The Trump counter attack focused specifically on the "gross incompetence" of Mr. Schneiderman.

"The action has no merit and is nothing more than a cheap publicity stunt to deflect from [Mr Schneiderman's] weak job performance," a Trump spokesman said. "Maybe his office should focus more of their attention and the use of our tax dollars on bringing to justice those responsible for the financial meltdown."

Mr. Schneiderman, who said he was responding to complaints about the courses, characterized the university as an "elaborate bait and switch."

"Mr. Trump used his celebrity status and personally appeared in commercials making false promises to convince people to spend tens of thousands of dollars they couldn't afford for lessons they never got," Mr. Schneiderman said in a statement.

The suit alleges that from 2005 to 2011 Trump marketers made "false claims" and made "false promises" about the courses. In 2010 the name was changed the Trump Entrepreneur Initiative after states charged that the courses did not meet the legal requirements for a "university."

The Better Business Bureau rated the courses a D-minus, its second lowest rating, in 2010 after receiving 23 complaints. In 2011, the New York Times reported on upset participants, who said they were promised individualized training and investment support they never received.
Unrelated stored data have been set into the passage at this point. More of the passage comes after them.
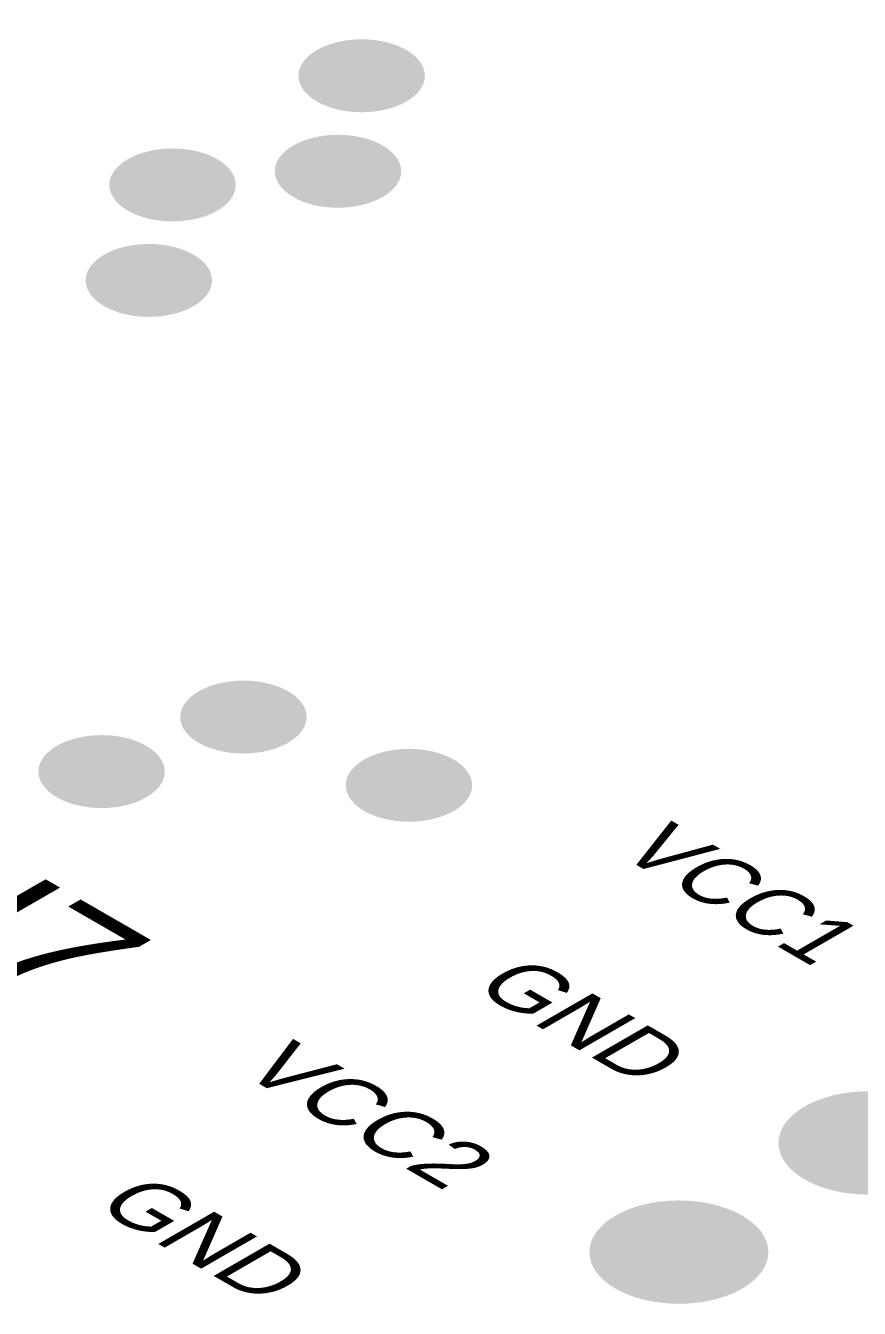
# Model space of a CAD drawing. Header units: millimetres. Extents: x -6 to 177, y -65 to 42.
# Drawn here: x 141.66 to 149.58, y -37.23 to -25.05 of the extents above; entities that cross this region are included whole.
import ezdxf

# ---------------------------------------------------------------- set-up
doc = ezdxf.new("R2010")
doc.units = ezdxf.units.MM
for name, color, linetype, true_color in [('Bottom Layer- Bottom', 7, 'Continuous', 0xffffff), ('Bottom Solder- Bot Mask', 7, 'Continuous', 0xffffff), ('Multi-Layer', 7, 'Continuous', 0xffffff), ('Pad Holes', 7, 'Continuous', 0xffffff), ('Top Layer- Top', 7, 'Continuous', 0xffffff), ('Top Overlay- Top Silk', 7, 'Continuous', 0xffffff), ('Top Solder- Top Mask', 7, 'Continuous', 0xffffff), ('Via Holes', 7, 'Continuous', 0xffffff)]:
    doc.layers.add(name, color=color, linetype=linetype, true_color=true_color)
doc.styles.add('Arial', font='')
doc.styles.get('Arial').set_extended_font_data('Arial')

# ---------------------------------------------------------------- blocks, each defined once
blk = doc.blocks.new('PLS_10_B_221')
at = {"layer": 'Bottom Layer- Bottom', "linetype": 'Continuous', "lineweight": 18}
h = blk.add_hatch(color=7, dxfattribs=at)
edge = h.paths.add_edge_path(flags=0)
edge.add_ellipse((149.659, -35.66), major_axis=(-0.8, 0), ratio=0.57735, start_angle=0, end_angle=360)
h = blk.add_hatch(color=7, dxfattribs=at)
edge = h.paths.add_edge_path(flags=0)
edge.add_ellipse((147.863, -36.697), major_axis=(-0.8, 0), ratio=0.57735, start_angle=0, end_angle=360)
at = {"layer": 'Bottom Solder- Bot Mask', "linetype": 'Continuous', "lineweight": 18}
h = blk.add_hatch(color=7, dxfattribs=at)
edge = h.paths.add_edge_path(flags=0)
edge.add_ellipse((149.659, -35.66), major_axis=(-0.85, 0), ratio=0.57735, start_angle=0, end_angle=360)
h = blk.add_hatch(color=7, dxfattribs=at)
edge = h.paths.add_edge_path(flags=0)
edge.add_ellipse((147.863, -36.697), major_axis=(-0.85, 0), ratio=0.57735, start_angle=0, end_angle=360)
at = {"layer": 'Multi-Layer', "linetype": 'Continuous', "lineweight": 18}
h = blk.add_hatch(color=9, dxfattribs=at)
edge = h.paths.add_edge_path(flags=0)
edge.add_ellipse((149.659, -35.66), major_axis=(-0.8, 0), ratio=0.57735, start_angle=0, end_angle=360)
h = blk.add_hatch(color=9, dxfattribs=at)
edge = h.paths.add_edge_path(flags=0)
edge.add_ellipse((147.863, -36.697), major_axis=(-0.8, 0), ratio=0.57735, start_angle=0, end_angle=360)
at = {"layer": 'Pad Holes', "linetype": 'Continuous', "lineweight": 18}
h = blk.add_hatch(color=7, dxfattribs=at)
edge = h.paths.add_edge_path(flags=0)
edge.add_ellipse((149.659, -35.66), major_axis=(-0.5, 0), ratio=0.57735, start_angle=0, end_angle=360)
h = blk.add_hatch(color=7, dxfattribs=at)
edge = h.paths.add_edge_path(flags=0)
edge.add_ellipse((147.863, -36.697), major_axis=(-0.5, 0), ratio=0.57735, start_angle=0, end_angle=360)
at = {"layer": 'Top Layer- Top', "linetype": 'Continuous', "lineweight": 18}
h = blk.add_hatch(color=7, dxfattribs=at)
edge = h.paths.add_edge_path(flags=0)
edge.add_ellipse((149.659, -35.66), major_axis=(-0.8, 0), ratio=0.57735, start_angle=0, end_angle=360)
h = blk.add_hatch(color=7, dxfattribs=at)
edge = h.paths.add_edge_path(flags=0)
edge.add_ellipse((147.863, -36.697), major_axis=(-0.8, 0), ratio=0.57735, start_angle=0, end_angle=360)
at = {"layer": 'Top Solder- Top Mask', "linetype": 'Continuous', "lineweight": 18}
h = blk.add_hatch(color=7, dxfattribs=at)
edge = h.paths.add_edge_path(flags=0)
edge.add_ellipse((149.659, -35.66), major_axis=(-0.85, 0), ratio=0.57735, start_angle=0, end_angle=360)
h = blk.add_hatch(color=7, dxfattribs=at)
edge = h.paths.add_edge_path(flags=0)
edge.add_ellipse((147.863, -36.697), major_axis=(-0.85, 0), ratio=0.57735, start_angle=0, end_angle=360)

msp = doc.modelspace()

# ---------------------------------------------------------------- hatches: boundary and pattern name
at = {"layer": 'Bottom Layer- Bottom', "linetype": 'Continuous', "lineweight": 18}
h = msp.add_hatch(color=7, dxfattribs=at)
edge = h.paths.add_edge_path(flags=0)
edge.add_ellipse((144.851, -25.522), major_axis=(-0.55, 0), ratio=0.57735, start_angle=0, end_angle=360)
h = msp.add_hatch(color=7, dxfattribs=at)
edge = h.paths.add_edge_path(flags=0)
edge.add_ellipse((144.626, -26.429), major_axis=(-0.55, 0), ratio=0.57735, start_angle=0, end_angle=360)
h = msp.add_hatch(color=7, dxfattribs=at)
edge = h.paths.add_edge_path(flags=0)
edge.add_ellipse((143.055, -26.559), major_axis=(-0.55, 0), ratio=0.57735, start_angle=0, end_angle=360)
h = msp.add_hatch(color=7, dxfattribs=at)
edge = h.paths.add_edge_path(flags=0)
edge.add_ellipse((142.83, -27.466), major_axis=(-0.55, 0), ratio=0.57735, start_angle=0, end_angle=360)
h = msp.add_hatch(color=7, dxfattribs=at)
edge = h.paths.add_edge_path(flags=0)
edge.add_ellipse((143.728, -31.614), major_axis=(-0.55, 0), ratio=0.57735, start_angle=0, end_angle=360)
h = msp.add_hatch(color=7, dxfattribs=at)
edge = h.paths.add_edge_path(flags=0)
edge.add_ellipse((142.381, -32.132), major_axis=(-0.55, 0), ratio=0.57735, start_angle=0, end_angle=360)
h = msp.add_hatch(color=7, dxfattribs=at)
edge = h.paths.add_edge_path(flags=0)
edge.add_ellipse((145.3, -32.262), major_axis=(-0.55, 0), ratio=0.57735, start_angle=0, end_angle=360)
at = {"layer": 'Bottom Solder- Bot Mask', "linetype": 'Continuous', "lineweight": 18}
h = msp.add_hatch(color=7, dxfattribs=at)
edge = h.paths.add_edge_path(flags=0)
edge.add_ellipse((144.851, -25.522), major_axis=(-0.6, 0), ratio=0.57735, start_angle=0, end_angle=360)
h = msp.add_hatch(color=7, dxfattribs=at)
edge = h.paths.add_edge_path(flags=0)
edge.add_ellipse((144.626, -26.429), major_axis=(-0.6, 0), ratio=0.57735, start_angle=0, end_angle=360)
h = msp.add_hatch(color=7, dxfattribs=at)
edge = h.paths.add_edge_path(flags=0)
edge.add_ellipse((143.055, -26.559), major_axis=(-0.6, 0), ratio=0.57735, start_angle=0, end_angle=360)
h = msp.add_hatch(color=7, dxfattribs=at)
edge = h.paths.add_edge_path(flags=0)
edge.add_ellipse((142.83, -27.466), major_axis=(-0.6, 0), ratio=0.57735, start_angle=0, end_angle=360)
h = msp.add_hatch(color=7, dxfattribs=at)
edge = h.paths.add_edge_path(flags=0)
edge.add_ellipse((143.728, -31.614), major_axis=(-0.6, 0), ratio=0.57735, start_angle=0, end_angle=360)
h = msp.add_hatch(color=7, dxfattribs=at)
edge = h.paths.add_edge_path(flags=0)
edge.add_ellipse((142.381, -32.132), major_axis=(-0.6, 0), ratio=0.57735, start_angle=0, end_angle=360)
h = msp.add_hatch(color=7, dxfattribs=at)
edge = h.paths.add_edge_path(flags=0)
edge.add_ellipse((145.3, -32.262), major_axis=(-0.6, 0), ratio=0.57735, start_angle=0, end_angle=360)
at = {"layer": 'Top Layer- Top', "linetype": 'Continuous', "lineweight": 18}
h = msp.add_hatch(color=7, dxfattribs=at)
edge = h.paths.add_edge_path(flags=0)
edge.add_ellipse((144.851, -25.522), major_axis=(-0.55, 0), ratio=0.57735, start_angle=0, end_angle=360)
h = msp.add_hatch(color=7, dxfattribs=at)
edge = h.paths.add_edge_path(flags=0)
edge.add_ellipse((144.626, -26.429), major_axis=(-0.55, 0), ratio=0.57735, start_angle=0, end_angle=360)
h = msp.add_hatch(color=7, dxfattribs=at)
edge = h.paths.add_edge_path(flags=0)
edge.add_ellipse((143.055, -26.559), major_axis=(-0.55, 0), ratio=0.57735, start_angle=0, end_angle=360)
h = msp.add_hatch(color=7, dxfattribs=at)
edge = h.paths.add_edge_path(flags=0)
edge.add_ellipse((142.83, -27.466), major_axis=(-0.55, 0), ratio=0.57735, start_angle=0, end_angle=360)
h = msp.add_hatch(color=7, dxfattribs=at)
edge = h.paths.add_edge_path(flags=0)
edge.add_ellipse((143.728, -31.614), major_axis=(-0.55, 0), ratio=0.57735, start_angle=0, end_angle=360)
h = msp.add_hatch(color=7, dxfattribs=at)
edge = h.paths.add_edge_path(flags=0)
edge.add_ellipse((142.381, -32.132), major_axis=(-0.55, 0), ratio=0.57735, start_angle=0, end_angle=360)
h = msp.add_hatch(color=7, dxfattribs=at)
edge = h.paths.add_edge_path(flags=0)
edge.add_ellipse((145.3, -32.262), major_axis=(-0.55, 0), ratio=0.57735, start_angle=0, end_angle=360)
at = {"layer": 'Top Solder- Top Mask', "linetype": 'Continuous', "lineweight": 18}
h = msp.add_hatch(color=7, dxfattribs=at)
edge = h.paths.add_edge_path(flags=0)
edge.add_ellipse((144.851, -25.522), major_axis=(-0.6, 0), ratio=0.57735, start_angle=0, end_angle=360)
h = msp.add_hatch(color=7, dxfattribs=at)
edge = h.paths.add_edge_path(flags=0)
edge.add_ellipse((144.626, -26.429), major_axis=(-0.6, 0), ratio=0.57735, start_angle=0, end_angle=360)
h = msp.add_hatch(color=7, dxfattribs=at)
edge = h.paths.add_edge_path(flags=0)
edge.add_ellipse((143.055, -26.559), major_axis=(-0.6, 0), ratio=0.57735, start_angle=0, end_angle=360)
h = msp.add_hatch(color=7, dxfattribs=at)
edge = h.paths.add_edge_path(flags=0)
edge.add_ellipse((142.83, -27.466), major_axis=(-0.6, 0), ratio=0.57735, start_angle=0, end_angle=360)
h = msp.add_hatch(color=7, dxfattribs=at)
edge = h.paths.add_edge_path(flags=0)
edge.add_ellipse((143.728, -31.614), major_axis=(-0.6, 0), ratio=0.57735, start_angle=0, end_angle=360)
h = msp.add_hatch(color=7, dxfattribs=at)
edge = h.paths.add_edge_path(flags=0)
edge.add_ellipse((142.381, -32.132), major_axis=(-0.6, 0), ratio=0.57735, start_angle=0, end_angle=360)
h = msp.add_hatch(color=7, dxfattribs=at)
edge = h.paths.add_edge_path(flags=0)
edge.add_ellipse((145.3, -32.262), major_axis=(-0.6, 0), ratio=0.57735, start_angle=0, end_angle=360)
at = {"layer": 'Via Holes', "linetype": 'Continuous', "lineweight": 18}
h = msp.add_hatch(color=7, dxfattribs=at)
edge = h.paths.add_edge_path(flags=0)
edge.add_ellipse((144.851, -25.522), major_axis=(-0.3, 0), ratio=0.57735, start_angle=0, end_angle=360)
h = msp.add_hatch(color=7, dxfattribs=at)
edge = h.paths.add_edge_path(flags=0)
edge.add_ellipse((144.626, -26.429), major_axis=(-0.3, 0), ratio=0.57735, start_angle=0, end_angle=360)
h = msp.add_hatch(color=7, dxfattribs=at)
edge = h.paths.add_edge_path(flags=0)
edge.add_ellipse((143.055, -26.559), major_axis=(-0.3, 0), ratio=0.57735, start_angle=0, end_angle=360)
h = msp.add_hatch(color=7, dxfattribs=at)
edge = h.paths.add_edge_path(flags=0)
edge.add_ellipse((142.83, -27.466), major_axis=(-0.3, 0), ratio=0.57735, start_angle=0, end_angle=360)
h = msp.add_hatch(color=7, dxfattribs=at)
edge = h.paths.add_edge_path(flags=0)
edge.add_ellipse((143.728, -31.614), major_axis=(-0.3, 0), ratio=0.57735, start_angle=0, end_angle=360)
h = msp.add_hatch(color=7, dxfattribs=at)
edge = h.paths.add_edge_path(flags=0)
edge.add_ellipse((142.381, -32.132), major_axis=(-0.3, 0), ratio=0.57735, start_angle=0, end_angle=360)
h = msp.add_hatch(color=7, dxfattribs=at)
edge = h.paths.add_edge_path(flags=0)
edge.add_ellipse((145.3, -32.262), major_axis=(-0.3, 0), ratio=0.57735, start_angle=0, end_angle=360)

# ---------------------------------------------------------------- linework, layer by layer
at = {"color": 252, "linetype": 'Continuous', "lineweight": 13}
for points in [[(133.643, -47.357), (137.267, -45.265), (144.515, -41.08), (155.387, -34.803), (166.258, -28.526), (173.506, -24.342), (177.13, -22.25)], [(133.643, -48.582), (137.267, -46.489), (144.515, -42.305), (155.387, -36.028), (166.258, -29.751), (173.506, -25.567), (177.13, -23.474)]]:
    msp.add_open_spline(points, degree=3, dxfattribs=at)
at = {"color": 163, "linetype": 'Continuous', "lineweight": 18}
msp.add_open_spline([(133.643, -48.582), (137.267, -46.489), (144.515, -42.305), (155.387, -36.028), (166.258, -29.751), (173.506, -25.567), (177.13, -23.474)], degree=3, dxfattribs=at)

# ---------------------------------------------------------------- block references
msp.add_blockref('PLS_10_B_221', (0, 0), dxfattribs=at)

# ---------------------------------------------------------------- texts
at = {"layer": 'Top Overlay- Top Silk', "color": 2, "linetype": 'Continuous', "lineweight": 13, "extrusion": (0, 0.816497, 0.57735), "attachment_point": 7, "text_direction": (0.707107, -0.408248, 0.57735), "line_spacing_factor": 1.047437, "style": 'Arial'}
for s, insert, char_height in [('\\fArial|b0|i0;\\W0.9753;MH7', (138.746, -32.607, 0.268), 1.524), ('\\fArial|b0|i0;\\W0.9544;VCC1', (147.25, -32.906, 0.132), 0.75), ('\\fArial|b0|i0;\\W0.9832;GND', (145.878, -34.188, 0.132), 0.75), ('\\fArial|b0|i0;\\W1.0046;VCC2', (143.658, -34.98, 0.132), 0.75), ('\\fArial|b0|i0;\\W0.9832;GND', (142.286, -36.262, 0.132), 0.75)]:
    msp.add_mtext(s, dxfattribs=dict(at, insert=insert, char_height=char_height))

doc.saveas('drawing.dxf')

Among other charges, the suit alleges Trump University promised students they would learn "from Donald Trump's handpicked instructor" who would teach "a systematic method for investing in real estate that anyone can use."
But Mr. Trump "did not handpick even a single instructor at these seminars and had little or no role in developing any of the Trump University curricula, or seminar content," Mr Schneiderman said in a statement.